Le Pen tried to reach out to Zemmour voters in the area on local radio last week. “The project that I present should be suitable for them,” she said. 

Philippe Vardon, a regional councilor for the party in Nice, said he had been deploying similar arguments with Zemmour voters, emphasizing the closeness of the two camps ideologically.

Far-right factor

The PACA region has long been fertile ground for the far right. Félicien Faury, a lecturer at Paris Dauphine University specializing in the RN, said that “significant deindustrialization since the 1980s and a strong migratory presence” that created a xenophobic backlash were important factors in its rise in the area.

Le Pen’s support base in PACA — including small business owners and agriculture workers — differs starkly from its core support in northern France, where her voters more often come from poorer, working-class and left-wing backgrounds.
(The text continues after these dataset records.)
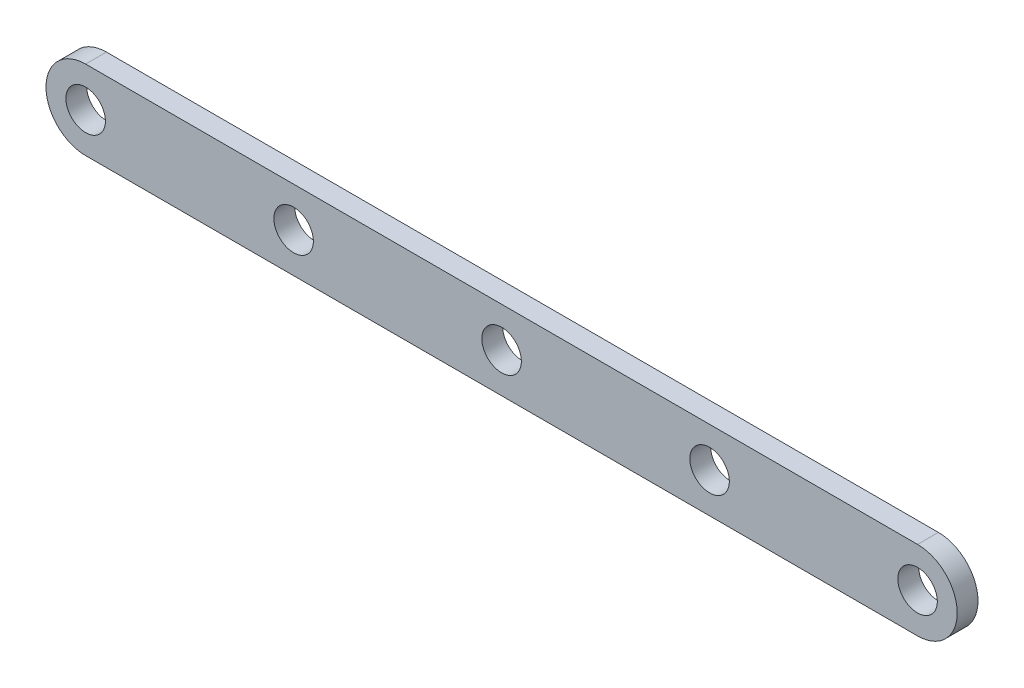
SolidWorks part; units mm, degrees
material "6061 Alloy"
ref_plane "Front Plane" through (0, 0, 0) normal (0, 0, 1) x (1, 0, 0)
ref_plane "Top Plane" through (0, 0, 0) normal (0, 1, 0) x (1, 0, 0)
ref_plane "Right Plane" through (0, 0, 0) normal (1, 0, 0) x (0, 0, -1)
sketch "Croquis1" plane through (0, 0, 0) normal (0, 0, 1) x (1, 0, 0)
  line L1 (76.2, -4.8413) -> (-25.4, -4.8413)
  line L3 (76.2, 4.8413) -> (-25.4, 4.8413)
  arc A0 (-25.4, 4.8413) -> (-25.4, -4.8413) centre (-25.4, 0) ccw
  arc A1 (76.2, -4.8413) -> (76.2, 4.8413) centre (76.2, 0) ccw
  point P0 (0, 0)
  dimension "D1" = 101.6
extrude "Saliente-Extruir3" add sketch "Croquis1" along normal mid plane 2.54
sketch "Croquis4" plane through (0, 0, 1.27) normal (0, 0, 1) x (1, 0, 0)
  circle A0 centre (-25.4, 0) radius 2.413
  dimension "D1" = 4.826
extrude "Cortar-Extruir2" cut sketch "Croquis4" against normal through all
pattern_linear "MatrizL3" count 5 spacing 25.4 along (1, 0, 0) of "Cortar-Extruir2"

Faury also said there has traditionally been a “significant Pied-Noir vote in favor of the far right,” referring to people of French descent who were born in Algeria but left the country after it declared independence from France in 1962.

He added that anti-vaxxers, who had a particularly strong presence in PACA, may also be more inclined to vote against Macron — especially after the president said in January that he wanted to “piss them off.”

One question hanging over the election, both regionally and nationally, is whether Muslim voters worried about Le Pen and the xenophobia associated with the candidate and her party will turn out in large numbers to back Macron.

Parts of PACA are home to many French Muslims, including cities such as Avignon, Marseille and Carpentras.

According to one poll, 69 percent of Muslims voted for Mélenchon in the first round, and Gallard argues it is “quite possible that Mélenchon’s Muslim voters will turn out strongly against Le Pen” in response to policies including a ban on the headscarf in the street.

“I am scared for my family — my mum has a headscarf,” declared Smaïne Belkacem, a 21-year-old Muslim from Carpentras who said he had voted for Mélenchon but would back Macron in the runoff. “I will do everything to make sure Marine Le Pen doesn’t win.”